I am running cluster of 3 nodes, created using kops, on AWS EC2 nodes.
When I run the deployment
kubectl set image deployment.v1.apps/app-web app-web=11122333.dkr.ecr.eu-west-1.amazonaws.com/app:$build_number
I get the newly created pod stuck in Pending
whilst existing 3 stay in Running
mode indefinitely.
kubectl describe pod app-web-7b44bb94f6-ftbfg
gives:
Warning FailedScheduling 81s (x11 over 8m25s) default-scheduler 0/6 nodes are available: 3 node(s) didn't match pod affinity/anti-affinity, 3 node(s) didn't satisfy existing pods anti-affinity rules, 3 node(s) had taint {node-role.kubernetes.io/master: }, that the pod didn't tolerate.
kubectl describe pod app-web-7b44bb94f6-ftbfg
gives
app-web-7b44bb94f6-ftbfg 0/1 Pending 0 9m15s
app-web-c977b7ff9-6ngr2 1/1 Running 0 12h
app-web-c977b7ff9-9lj9c 1/1 Running 0 12h
app-web-c977b7ff9-klrnv 1/1 Running 0 12h
I've recently upgraded my cluster from:
# kubectl version --short
Client Version: v1.17.3
Server Version: v1.11.9
to
Client Version: v1.17.3
Server Version: v1.18.10
I've had to upgrade my deployment as well.
apiVersion: apps/v1 # Previously: extensions/v1beta1
kind: Deployment
metadata:
name: app-web
spec:
replicas: 3
selector: # This selector had to be added once migrated to apps/v1
matchLabels:
app: app-web
role: web
template:
metadata:
labels:
app: app-web
role: web
spec:
affinity:
podAntiAffinity:
requiredDuringSchedulingIgnoredDuringExecution:
- labelSelector:
matchExpressions:
- key: app
operator: In
values:
- app-web
topologyKey: "kubernetes.io/hostname"
The problem seem to be related to: podAntiAffinity
, however it wasn't a problem in a previous version of a Kubernetes. Shall I switch to preferredDuringSchedulingIgnoredDuringExecution
instead or perhaps there is another solution to this problem?

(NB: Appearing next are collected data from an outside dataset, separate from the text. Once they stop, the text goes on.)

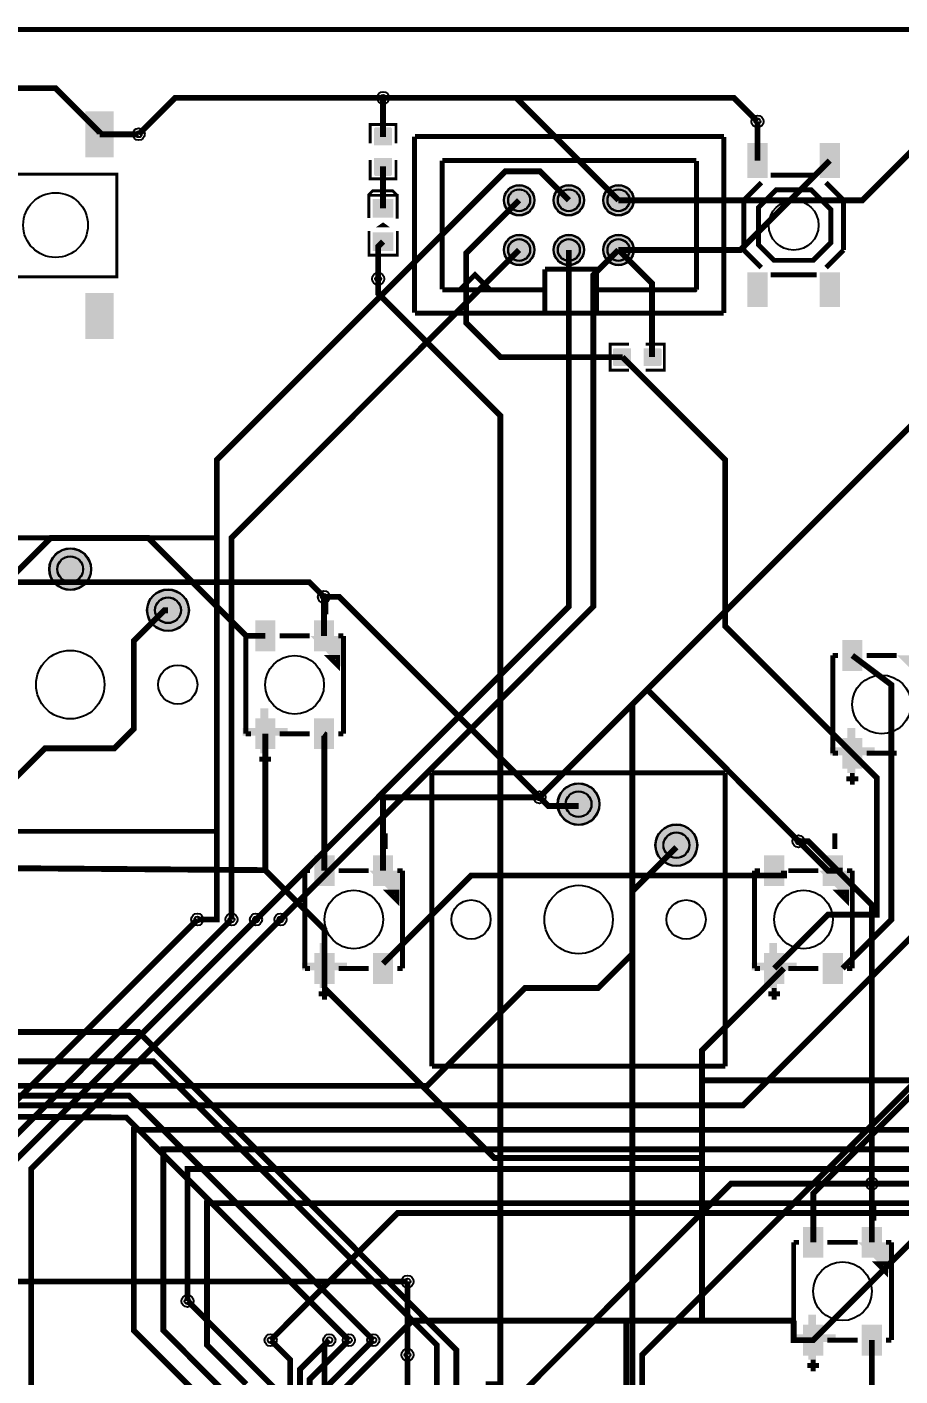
# Model space of a CAD drawing. Header units: millimetres. Extents: x -103 to 103, y -53 to 55.
# Drawn here: x -57.2 to -12.6, y -16.3 to 52.6 of the extents above; entities that cross this region are included whole.
import ezdxf

# ---------------------------------------------------------------- set-up
doc = ezdxf.new("R2010")
doc.units = ezdxf.units.MM
for name, color, linetype, true_color in [('BoardOutLine', 7, 'Continuous', 0xff00ff), ('BottomLayer', 7, 'Continuous', 0x0000ff), ('BottomSolderMaskLayer', 7, 'Continuous', 0xaa00ff), ('Document', 7, 'Continuous', 0xffffff), ('Hole', 7, 'Continuous', 0x222222), ('Inner1', 7, 'Continuous', 0x999966), ('Inner2', 7, 'Continuous', 0x008000), ('Multi-Layer', 7, 'Continuous', 0xc0c0c0), ('TopLayer', 7, 'Continuous', 0xff0000), ('TopPasteMaskLayer', 7, 'Continuous', 0x808080), ('TopSilkLayer', 7, 'Continuous', 0xffcc00), ('TopSolderMaskLayer', 7, 'Continuous', 0x800080)]:
    doc.layers.add(name, color=color, linetype=linetype, true_color=true_color)

msp = doc.modelspace()

# ---------------------------------------------------------------- hatches: boundary and pattern name
at = {"layer": 'BottomSolderMaskLayer'}
for points in [[(-32.827279654559284, 43.76987553975107, 1), (-31.252476504952988, 43.76987553975107, 1)], [(-30.28727457454915, 43.76987553975107, 1), (-28.712471424942855, 43.76987553975107, 1)], [(-27.74726949453902, 43.76987553975107, 1), (-26.172466344932722, 43.76987553975107, 1)], [(-32.827279654559284, 41.22987045974094, 1), (-31.252476504952988, 41.22987045974094, 1)], [(-30.28727457454915, 41.22987045974094, 1), (-28.712471424942855, 41.22987045974094, 1)], [(-27.74726949453902, 41.22987045974094, 1), (-26.172466344932722, 41.22987045974094, 1)], [(-56.0754000508001, 24.90982981965965, 1), (-53.9245999491999, 24.90982981965965, 1)], [(-51.0754000508001, 22.8100076200152, 1), (-48.9245999491999, 22.8100076200152, 1)], [(-30.07540005079999, 12.899923799847556, 1), (-27.924599949199784, 12.899923799847556, 1)], [(-25.075400050800102, 10.80010160020322, 1), (-22.924599949199898, 10.80010160020322, 1)]]:
    msp.add_hatch(color=256, dxfattribs=at).paths.add_polyline_path(points)
at = {"layer": 'Document'}
for points in [[(-42.624993649987346, 21.5), (-42.724993649987255, 21.5), (-42.624993649987346, 21.399999999999977), (-41.02499364998732, 19.799999999999955), (-41.02499364998732, 21.5)], [(-12.600000000000023, 20.5), (-12.699999999999932, 20.5), (-12.600000000000023, 20.399999999999977), (-10.999999999999886, 18.800000000000068), (-10.999999999999886, 20.5)], [(-45.2749809499619, 15.499999999999886), (-45.2749809499619, 17.799999999999955), (-44.97498094996183, 17.799999999999955), (-44.87498094996181, 17.799999999999955), (-44.87498094996181, 17.700000000000045), (-44.87498094996181, 15.499999999999886), (-45.2749809499619, 15.499999999999886)], [(-46.17500635001272, 16.799999999999955), (-46.17500635001272, 16.399999999999977), (-43.87498094996192, 16.399999999999977), (-43.87498094996192, 16.799999999999955)], [(-15.249987299974578, 14.5), (-15.249987299974578, 16.799999999999955), (-14.94998729997451, 16.799999999999955), (-14.8499872999746, 16.799999999999955), (-14.8499872999746, 16.699999999999932), (-14.8499872999746, 14.5), (-15.249987299974578, 14.5)], [(-16.1500127000254, 15.799999999999955), (-16.1500127000254, 15.399999999999977), (-13.8499872999746, 15.399999999999977), (-13.8499872999746, 15.799999999999955)], [(-39.60000000000002, 9.5), (-39.69999999999993, 9.5), (-39.60000000000002, 9.399999999999977), (-38, 7.7999999999999545), (-38, 9.5)], [(-16.600000000000023, 9.5), (-16.699999999999932, 9.5), (-16.600000000000023, 9.399999999999977), (-15, 7.7999999999999545), (-15, 9.5)], [(-42.24998729997458, 3.5), (-42.24998729997458, 5.800000000000068), (-41.94998729997451, 5.800000000000068), (-41.84998729997449, 5.800000000000068), (-41.84998729997449, 5.7000000000000455), (-41.84998729997449, 3.5), (-42.24998729997458, 3.5)], [(-19.24998729997469, 3.5), (-19.24998729997469, 5.800000000000068), (-18.949987299974623, 5.800000000000068), (-18.8499872999746, 5.800000000000068), (-18.8499872999746, 5.7000000000000455), (-18.8499872999746, 3.5), (-19.24998729997469, 3.5)], [(-43.1500127000254, 4.7999999999999545), (-43.1500127000254, 4.399999999999977), (-40.8499872999746, 4.399999999999977), (-40.8499872999746, 4.7999999999999545)], [(-20.150012700025286, 4.7999999999999545), (-20.150012700025286, 4.399999999999977), (-17.8499872999746, 4.399999999999977), (-17.8499872999746, 4.7999999999999545)], [(-14.600000000000023, -9.5), (-14.700000000000045, -9.5), (-14.600000000000023, -9.600000000000023), (-13, -11.200000000000045), (-13, -9.5)], [(-17.249987299974578, -15.5), (-17.249987299974578, -13.200000000000045), (-16.949987299974623, -13.200000000000045), (-16.8499872999746, -13.200000000000045), (-16.8499872999746, -13.299999999999955), (-16.8499872999746, -15.5), (-17.249987299974578, -15.5)], [(-18.1500127000254, -14.200000000000045), (-18.1500127000254, -14.600000000000023), (-15.8499872999746, -14.600000000000023), (-15.8499872999746, -14.200000000000045)]]:
    msp.add_hatch(color=256, dxfattribs=at).paths.add_polyline_path(points)
at = {"layer": 'Multi-Layer'}
for points in [[(-32.80187960375918, 43.76987553975107, 1), (-31.27787655575309, 43.76987553975107, 1)], [(-30.26187452374905, 43.76987553975107, 1), (-28.737871475742956, 43.76987553975107, 1)], [(-27.721869443738917, 43.76987553975107, 1), (-26.197866395732824, 43.76987553975107, 1)], [(-32.80187960375918, 41.22987045974094, 1), (-31.27787655575309, 41.22987045974094, 1)], [(-30.26187452374905, 41.22987045974094, 1), (-28.737871475742956, 41.22987045974094, 1)], [(-27.721869443738917, 41.22987045974094, 1), (-26.197866395732824, 41.22987045974094, 1)], [(-56.05, 24.90982981965965, 1), (-53.95, 24.90982981965965, 1)], [(-51.05, 22.8100076200152, 1), (-48.95, 22.8100076200152, 1)], [(-30.049999999999887, 12.899923799847556, 1), (-27.949999999999886, 12.899923799847556, 1)], [(-25.05, 10.80010160020322, 1), (-22.95, 10.80010160020322, 1)]]:
    msp.add_hatch(color=256, dxfattribs=at).paths.add_polyline_path(points)
at = {"layer": 'TopLayer'}
for points in [[(-54.20005080010162, 48.29311658623317), (-52.80005080010153, 48.29311658623317), (-52.80005080010153, 45.99309118618237), (-54.20005080010162, 45.99309118618237)], [(-38.56799593599192, 46.60000000000002), (-39.4320040640082, 46.60000000000002), (-39.4320040640082, 47.40647701295393), (-38.56799593599192, 47.40647701295393)], [(-20.350215900431863, 44.94998729997462), (-20.350215900431863, 46.6500127000254), (-19.35021590043175, 46.6500127000254), (-19.35021590043175, 44.94998729997462)], [(-16.649809499618982, 44.94998729997462), (-16.649809499618982, 46.6500127000254), (-15.649809499618982, 46.6500127000254), (-15.649809499618982, 44.94998729997462)], [(-38.56799593599192, 45.899974599949246), (-39.4320040640082, 45.899974599949246), (-39.4320040640082, 45.09349758699523), (-38.56799593599192, 45.09349758699523)], [(-39.5, 43.79987299974596), (-38.5, 43.79987299974596), (-38.5, 42.8999491998984), (-39.5, 42.8999491998984)], [(-39.5, 42.09987299974591), (-38.5, 42.09987299974591), (-38.5, 41.19994919989847), (-39.5, 41.19994919989847)], [(-20.350165100330173, 38.3499872999746), (-20.350165100330173, 40.05001270002538), (-19.350165100330173, 40.05001270002538), (-19.350165100330173, 38.3499872999746)], [(-16.64978409956825, 38.3499872999746), (-16.64978409956825, 40.05001270002538), (-15.649784099568137, 40.05001270002538), (-15.649784099568137, 38.3499872999746)], [(-54.20005080010162, 39.00690881381763), (-52.80005080010153, 39.00690881381763), (-52.80005080010153, 36.70688341376683), (-54.20005080010162, 36.70688341376683)], [(-26.35001270002533, 35.31798323596638), (-26.35001270002533, 36.18199136398266), (-27.156489712979464, 36.18199136398266), (-27.156489712979464, 35.31798323596638)], [(-25.649987299974555, 35.31798323596638), (-25.649987299974555, 36.18199136398266), (-24.843510287020536, 36.18199136398266), (-24.843510287020536, 35.31798323596638)], [(-45.523977647955235, 20.749428498857014), (-45.523977647955235, 22.250571501142986), (-44.525755651511304, 22.250571501142986), (-44.525755651511304, 20.749428498857014)], [(-42.52423164846323, 20.749428498857014), (-42.52423164846323, 22.250571501142986), (-41.5260096520193, 22.250571501142986), (-41.5260096520193, 20.749428498857014)], [(-15.498983997967912, 19.7494284988569), (-15.498983997967912, 21.250571501142986), (-14.50076200152398, 21.250571501142986), (-14.50076200152398, 19.7494284988569)], [(-45.523977647955235, 15.750698501396982), (-45.523977647955235, 17.249301498603018), (-44.525755651511304, 17.249301498603018), (-44.525755651511304, 15.750698501396982)], [(-42.52423164846323, 15.750698501396982), (-42.52423164846323, 17.249301498603018), (-41.5260096520193, 17.249301498603018), (-41.5260096520193, 15.750698501396982)], [(-15.498983997967912, 14.750698501396982), (-15.498983997967912, 16.249301498603018), (-14.50076200152398, 16.249301498603018), (-14.50076200152398, 14.750698501396982)], [(-42.49898399796791, 8.749428498857014), (-42.49898399796791, 10.250571501142986), (-41.50076200152398, 10.250571501142986), (-41.50076200152398, 8.749428498857014)], [(-39.49923799847602, 8.749428498857014), (-39.49923799847602, 10.250571501142986), (-38.501016002031974, 10.250571501142986), (-38.501016002031974, 8.749428498857014)], [(-19.498983997967912, 8.749428498857014), (-19.498983997967912, 10.250571501142986), (-18.50076200152398, 10.250571501142986), (-18.50076200152398, 8.749428498857014)], [(-16.49923799847602, 8.749428498857014), (-16.49923799847602, 10.250571501142986), (-15.501016002031974, 10.250571501142986), (-15.501016002031974, 8.749428498857014)], [(-42.49898399796791, 3.7506985013969825), (-42.49898399796791, 5.249301498602904), (-41.50076200152398, 5.249301498602904), (-41.50076200152398, 3.7506985013969825)], [(-39.49923799847602, 3.7506985013969825), (-39.49923799847602, 5.249301498602904), (-38.501016002031974, 5.249301498602904), (-38.501016002031974, 3.7506985013969825)], [(-19.498983997967912, 3.7506985013969825), (-19.498983997967912, 5.249301498602904), (-18.50076200152398, 5.249301498602904), (-18.50076200152398, 3.7506985013969825)], [(-16.49923799847602, 3.7506985013969825), (-16.49923799847602, 5.249301498602904), (-15.501016002031974, 5.249301498602904), (-15.501016002031974, 3.7506985013969825)], [(-17.498983997968026, -10.250571501142986), (-17.498983997968026, -8.749428498857014), (-16.50076200152398, -8.749428498857014), (-16.50076200152398, -10.250571501142986)], [(-14.49923799847602, -10.250571501142986), (-14.49923799847602, -8.749428498857014), (-13.501016002031974, -8.749428498857014), (-13.501016002031974, -10.250571501142986)], [(-17.498983997968026, -15.249301498603018), (-17.498983997968026, -13.750698501396982), (-16.50076200152398, -13.750698501396982), (-16.50076200152398, -15.249301498603018)], [(-14.49923799847602, -15.249301498603018), (-14.49923799847602, -13.750698501396982), (-13.501016002031974, -13.750698501396982), (-13.501016002031974, -15.249301498603018)]]:
    msp.add_hatch(color=256, dxfattribs=at).paths.add_polyline_path(points)
at = {"layer": 'TopPasteMaskLayer'}
for points in [[(-54.20005080010162, 48.29311658623317), (-52.80005080010153, 48.29311658623317), (-52.80005080010153, 45.99309118618237), (-54.20005080010162, 45.99309118618237)], [(-39.44998729997462, 47.44500889001779), (-39.44998729997462, 46.64500889001772), (-39.39997459994913, 46.594996189992344), (-39.172009144018375, 46.594996189992344), (-39.172009144018375, 46.96499872999743), (-38.842011684023305, 46.96499872999743), (-38.842011684023305, 46.594996189992344), (-38.59997459994918, 46.594996189992344), (-38.54998729997453, 46.64500889001772), (-38.54998729997453, 47.44500889001779), (-38.59997459994918, 47.49499618999232), (-39.39997459994913, 47.49499618999232)], [(-20.350215900431863, 44.94998729997462), (-20.350215900431863, 46.6500127000254), (-19.35021590043175, 46.6500127000254), (-19.35021590043175, 44.94998729997462)], [(-16.649809499618982, 44.94998729997462), (-16.649809499618982, 46.6500127000254), (-15.649809499618982, 46.6500127000254), (-15.649809499618982, 44.94998729997462)], [(-39.39997459994913, 45.89499618999241), (-39.172009144018375, 45.89499618999241), (-39.172009144018375, 45.51501143002281), (-38.842011684023305, 45.51501143002281), (-38.842011684023305, 45.89499618999241), (-38.59997459994918, 45.89499618999241), (-38.54998729997453, 45.845008890017766), (-38.54998729997453, 45.055016510033056), (-38.59997459994918, 45.005003810007565), (-39.39997459994913, 45.005003810007565), (-39.44998729997462, 45.055016510033056), (-39.44998729997462, 45.845008890017766)], [(-39.5, 43.79987299974596), (-38.5, 43.79987299974596), (-38.5, 42.8999491998984), (-39.5, 42.8999491998984)], [(-39.5, 42.09987299974591), (-38.5, 42.09987299974591), (-38.5, 41.19994919989847), (-39.5, 41.19994919989847)], [(-20.350165100330173, 38.3499872999746), (-20.350165100330173, 40.05001270002538), (-19.350165100330173, 40.05001270002538), (-19.350165100330173, 38.3499872999746)], [(-16.64978409956825, 38.3499872999746), (-16.64978409956825, 40.05001270002538), (-15.649784099568137, 40.05001270002538), (-15.649784099568137, 38.3499872999746)], [(-54.20005080010162, 39.00690881381763), (-52.80005080010153, 39.00690881381763), (-52.80005080010153, 36.70688341376683), (-54.20005080010162, 36.70688341376683)], [(-26.354991109982166, 36.149961899923824), (-26.354991109982166, 35.92199644399284), (-26.734975869951768, 35.92199644399284), (-26.734975869951768, 35.591998983997996), (-26.354991109982166, 35.591998983997996), (-26.354991109982166, 35.349961899923755), (-26.40497840995681, 35.29997459994922), (-27.194970789941635, 35.29997459994922), (-27.244983489967012, 35.349961899923755), (-27.244983489967012, 36.149961899923824), (-27.194970789941635, 36.1999745999492), (-26.40497840995681, 36.1999745999492)], [(-24.80497840995679, 36.1999745999492), (-25.604978409956743, 36.1999745999492), (-25.654991109982234, 36.149961899923824), (-25.654991109982234, 35.92199644399284), (-25.284988569977145, 35.92199644399284), (-25.284988569977145, 35.591998983997996), (-25.654991109982234, 35.591998983997996), (-25.654991109982234, 35.349961899923755), (-25.604978409956743, 35.29997459994922), (-24.80497840995679, 35.29997459994922), (-24.754991109982143, 35.349961899923755), (-24.754991109982143, 36.149961899923824)], [(-45.523977647955235, 20.749428498857014), (-45.523977647955235, 22.250571501142986), (-44.525755651511304, 22.250571501142986), (-44.525755651511304, 20.749428498857014)], [(-42.52423164846323, 20.749428498857014), (-42.52423164846323, 22.250571501142986), (-41.5260096520193, 22.250571501142986), (-41.5260096520193, 20.749428498857014)], [(-15.498983997967912, 19.7494284988569), (-15.498983997967912, 21.250571501142986), (-14.50076200152398, 21.250571501142986), (-14.50076200152398, 19.7494284988569)], [(-45.523977647955235, 15.750698501396982), (-45.523977647955235, 17.249301498603018), (-44.525755651511304, 17.249301498603018), (-44.525755651511304, 15.750698501396982)], [(-42.52423164846323, 15.750698501396982), (-42.52423164846323, 17.249301498603018), (-41.5260096520193, 17.249301498603018), (-41.5260096520193, 15.750698501396982)], [(-15.498983997967912, 14.750698501396982), (-15.498983997967912, 16.249301498603018), (-14.50076200152398, 16.249301498603018), (-14.50076200152398, 14.750698501396982)], [(-42.49898399796791, 8.749428498857014), (-42.49898399796791, 10.250571501142986), (-41.50076200152398, 10.250571501142986), (-41.50076200152398, 8.749428498857014)], [(-39.49923799847602, 8.749428498857014), (-39.49923799847602, 10.250571501142986), (-38.501016002031974, 10.250571501142986), (-38.501016002031974, 8.749428498857014)], [(-19.498983997967912, 8.749428498857014), (-19.498983997967912, 10.250571501142986), (-18.50076200152398, 10.250571501142986), (-18.50076200152398, 8.749428498857014)], [(-16.49923799847602, 8.749428498857014), (-16.49923799847602, 10.250571501142986), (-15.501016002031974, 10.250571501142986), (-15.501016002031974, 8.749428498857014)], [(-42.49898399796791, 3.7506985013969825), (-42.49898399796791, 5.249301498602904), (-41.50076200152398, 5.249301498602904), (-41.50076200152398, 3.7506985013969825)], [(-39.49923799847602, 3.7506985013969825), (-39.49923799847602, 5.249301498602904), (-38.501016002031974, 5.249301498602904), (-38.501016002031974, 3.7506985013969825)], [(-19.498983997967912, 3.7506985013969825), (-19.498983997967912, 5.249301498602904), (-18.50076200152398, 5.249301498602904), (-18.50076200152398, 3.7506985013969825)], [(-16.49923799847602, 3.7506985013969825), (-16.49923799847602, 5.249301498602904), (-15.501016002031974, 5.249301498602904), (-15.501016002031974, 3.7506985013969825)], [(-17.498983997968026, -10.250571501142986), (-17.498983997968026, -8.749428498857014), (-16.50076200152398, -8.749428498857014), (-16.50076200152398, -10.250571501142986)], [(-14.49923799847602, -10.250571501142986), (-14.49923799847602, -8.749428498857014), (-13.501016002031974, -8.749428498857014), (-13.501016002031974, -10.250571501142986)], [(-17.498983997968026, -15.249301498603018), (-17.498983997968026, -13.750698501396982), (-16.50076200152398, -13.750698501396982), (-16.50076200152398, -15.249301498603018)], [(-14.49923799847602, -15.249301498603018), (-14.49923799847602, -13.750698501396982), (-13.501016002031974, -13.750698501396982), (-13.501016002031974, -15.249301498603018)]]:
    msp.add_hatch(color=256, dxfattribs=at).paths.add_polyline_path(points)
at = {"layer": 'TopSilkLayer'}
msp.add_hatch(color=256, dxfattribs=at).paths.add_polyline_path([(-39.359994919989845, 42.38999237998473), (-38.640081280162576, 42.37993395986791), (-39.00007620015231, 42.639928879857735)])
at = {"layer": 'TopSolderMaskLayer'}
for points in [[(-54.2254480859192, 48.31851916158257), (-52.774647984318904, 48.31851916158257), (-52.774647984318904, 45.96769309892056), (-54.2254480859192, 45.96769309892056)], [(-38.54078393863699, 46.57628751137088), (-39.45921606136312, 46.57628751137088), (-39.45921606136312, 47.430182034493896), (-38.54078393863699, 47.430182034493896)], [(-20.365159383829223, 44.90680140715119), (-20.365159383829223, 46.69318827024745), (-19.335276971123108, 46.69318827024745), (-19.335276971123108, 44.90680140715119)], [(-16.664749187942334, 44.90680140715119), (-16.664749187942334, 46.69318827024745), (-15.634866775236446, 46.69318827024745), (-15.634866775236446, 44.90680140715119)], [(-38.54078393863699, 45.923678128071174), (-39.45921606136312, 45.923678128071174), (-39.45921606136312, 45.06978360494827), (-38.54078393863699, 45.06978360494827)], [(-32.827279654559284, 43.76987553975107, 1), (-31.252476504952988, 43.76987553975107, 1)], [(-30.28727457454915, 43.76987553975107, 1), (-28.712471424942855, 43.76987553975107, 1)], [(-27.74726949453902, 43.76987553975107, 1), (-26.172466344932722, 43.76987553975107, 1)], [(-39.525400050800044, 43.82526731528196), (-38.474599949199956, 43.82526731528196), (-38.474599949199956, 42.8745434138342), (-39.525400050800044, 42.8745434138342)], [(-39.525400050800044, 42.12526874909804), (-38.474599949199956, 42.12526874909804), (-38.474599949199956, 41.17454484765028), (-39.525400050800044, 41.17454484765028)], [(-32.827279654559284, 41.22987045974094, 1), (-31.252476504952988, 41.22987045974094, 1)], [(-30.28727457454915, 41.22987045974094, 1), (-28.712471424942855, 41.22987045974094, 1)], [(-27.74726949453902, 41.22987045974094, 1), (-26.172466344932722, 41.22987045974094, 1)], [(-20.365107065697885, 38.30681172975255), (-20.365107065697885, 40.09319859284881), (-19.335224652991997, 40.09319859284881), (-19.335224652991997, 38.30681172975255)], [(-16.66472302887678, 38.30681172975255), (-16.66472302887678, 40.09319859284881), (-15.634840616170777, 40.09319859284881), (-15.634840616170777, 38.30681172975255)], [(-54.2254480859192, 39.03230690107944), (-52.774647984318904, 39.03230690107944), (-52.774647984318904, 36.68148083841743), (-54.2254480859192, 36.68148083841743)], [(-26.324605449437627, 35.292578704912785), (-26.324605449437627, 36.20738693452927), (-27.181882563991962, 36.20738693452927), (-27.181882563991962, 35.292578704912785)], [(-25.67539455056226, 35.292578704912785), (-25.67539455056226, 36.20738693452927), (-24.818117436008038, 36.20738693452927), (-24.818117436008038, 35.292578704912785)], [(-56.0754000508001, 24.90982981965965, 1), (-53.9245999491999, 24.90982981965965, 1)], [(-51.0754000508001, 22.8100076200152, 1), (-48.9245999491999, 22.8100076200152, 1)], [(-45.54088004735149, 20.711305841966578), (-45.54088004735149, 22.288707061285095), (-44.50885153168156, 22.288707061285095), (-44.50885153168156, 20.711305841966578)], [(-42.54113404785949, 20.711305841966578), (-42.54113404785949, 22.288707061285095), (-41.50910553218955, 22.288707061285095), (-41.50910553218955, 20.711305841966578)], [(-15.515891558664862, 19.711305841966464), (-15.515891558664862, 21.288707061285095), (-14.483863042994926, 21.288707061285095), (-14.483863042994926, 19.711305841966464)], [(-45.54088004735149, 15.712640360764567), (-45.54088004735149, 17.28737254248699), (-44.50885153168156, 17.28737254248699), (-44.50885153168156, 15.712640360764567)], [(-42.54113404785949, 15.712640360764567), (-42.54113404785949, 17.28737254248699), (-41.50910553218955, 17.28737254248699), (-41.50910553218955, 15.712640360764567)], [(-15.515891558664862, 14.712627457513008), (-15.515891558664862, 16.287359639235433), (-14.483863042994926, 16.287359639235433), (-14.483863042994926, 14.712627457513008)], [(-30.07540005079999, 12.899923799847556, 1), (-27.924599949199784, 12.899923799847556, 1)], [(-25.075400050800102, 10.80010160020322, 1), (-22.924599949199898, 10.80010160020322, 1)], [(-42.51589155866486, 8.711305841966578), (-42.51589155866486, 10.288707061285095), (-41.483863042994926, 10.288707061285095), (-41.483863042994926, 8.711305841966578)], [(-39.516145559172855, 8.711305841966578), (-39.516145559172855, 10.288707061285095), (-38.48411704350292, 10.288707061285095), (-38.48411704350292, 8.711305841966578)], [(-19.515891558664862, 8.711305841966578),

The issue is that the default maxUnavailable
for RollingUpdate
strategy is 25%
, which doesn't allow Kubernetes to evict 1 out of 3 pods. I've added this to deployment strategy spec:
strategy:
type: RollingUpdate
rollingUpdate:
maxUnavailable: 1
and things are back to normal.
I haven't analyzed whether that default 25%
has changed, since this issue wasn't affecting me in the previous version of the Kubernetes.